Exact reproduction required: the lines below from the line with "line L8 (12, 4) -> (22, 4)" to the line with "along (1, 0, 0)", both ends included, and no others.

── RECORDS PROVIDED ──

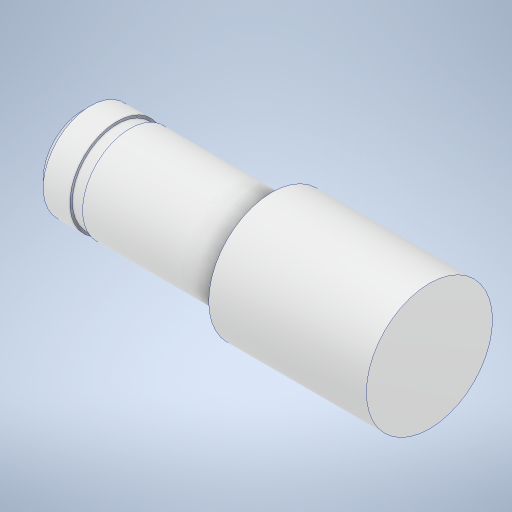
# Autodesk Inventor part: Bolt_Acht_Durchmesser
Saved by Autodesk Inventor 2024 (Build 280153000, 153)
## iProperties
Created: 2024-03-08
Part Number: Bolt_Acht_Durchmesser
Material: Aluminium 6061
Document SubType Name: Modeling
Designer: ffogue
Density: 2.7 g/cm^3
Appearance: Aluminium - flach
Author: ffogue
Autodesk Inventor part; units mm, degrees
ref_plane "YZ Plane" through (0, 0, 0) normal (1, 0, 0) x (0, 1, 0)
ref_plane "XZ Plane" through (0, 0, 0) normal (0, 1, 0) x (-1, 0, 0)
ref_plane "XY Plane" through (0, 0, 0) normal (0, 0, 1) x (1, 0, 0)
sketch "Skizze1" plane through (0, 0, 0) normal (0, 0, 1) x (1, 0, 0)
  line L0 (0, 0) -> (22, 0)
  line L1 (0, 0) -> (0, 3)
  line L2 (0, 3) -> (2.2, 3)
  line L3 (2.2, 3) -> (2.2, 2.85)
  line L4 (2.2, 2.85) -> (3, 2.85)
  line L5 (3, 2.85) -> (3, 3)
  line L6 (3, 3) -> (12, 3)
  line L7 (12, 3) -> (12, 4)
  line L8 (12, 4) -> (22, 4)
  line L9 (22, 4) -> (22, 0)
  dimension "d0" = 22
  dimension "d1" = 10
  dimension "d2" = 9
  dimension "d3" = 0.8
  dimension "d4" = 8
  dimension "d5" = 6
  dimension "d6" = 5.7
  constraints: 20 end point, 7 perpendicular, 2 point on line, 1 coincident, 1 horizontal, 1 vertical
  measures "d0" distance of L0.start L0.end
  measures "d1" distance between parallel lines of L9 L7
  measures "d2" distance between parallel lines of L7 L5
  measures "d3" distance between parallel lines of L5 L3
  measures "d4" diameter of L8.end L0
  measures "d5" diameter of L6 L0
  measures "d6" diameter of L4 L0
revolve "Umdrehung1" add sketch "Skizze1" angle 360 about axis through (0, 0, 0) along (1, 0, 0)
chamfer "Fasen1" distance 0.5 angle 45 1 edges at (0, -3, 0)

───

◆ RESPONSE FOR THIS EXERCISE ◆
  line L8 (12, 4) -> (22, 4)
  line L9 (22, 4) -> (22, 0)
  dimension "d0" = 22
  dimension "d1" = 10
  dimension "d2" = 9
  dimension "d3" = 0.8
  dimension "d4" = 8
  dimension "d5" = 6
  dimension "d6" = 5.7
  constraints: 20 end point, 7 perpendicular, 2 point on line, 1 coincident, 1 horizontal, 1 vertical
  measures "d0" distance of L0.start L0.end
  measures "d1" distance between parallel lines of L9 L7
  measures "d2" distance between parallel lines of L7 L5
  measures "d3" distance between parallel lines of L5 L3
  measures "d4" diameter of L8.end L0
  measures "d5" diameter of L6 L0
  measures "d6" diameter of L4 L0
revolve "Umdrehung1" add sketch "Skizze1" angle 360 about axis through (0, 0, 0) along (1, 0, 0)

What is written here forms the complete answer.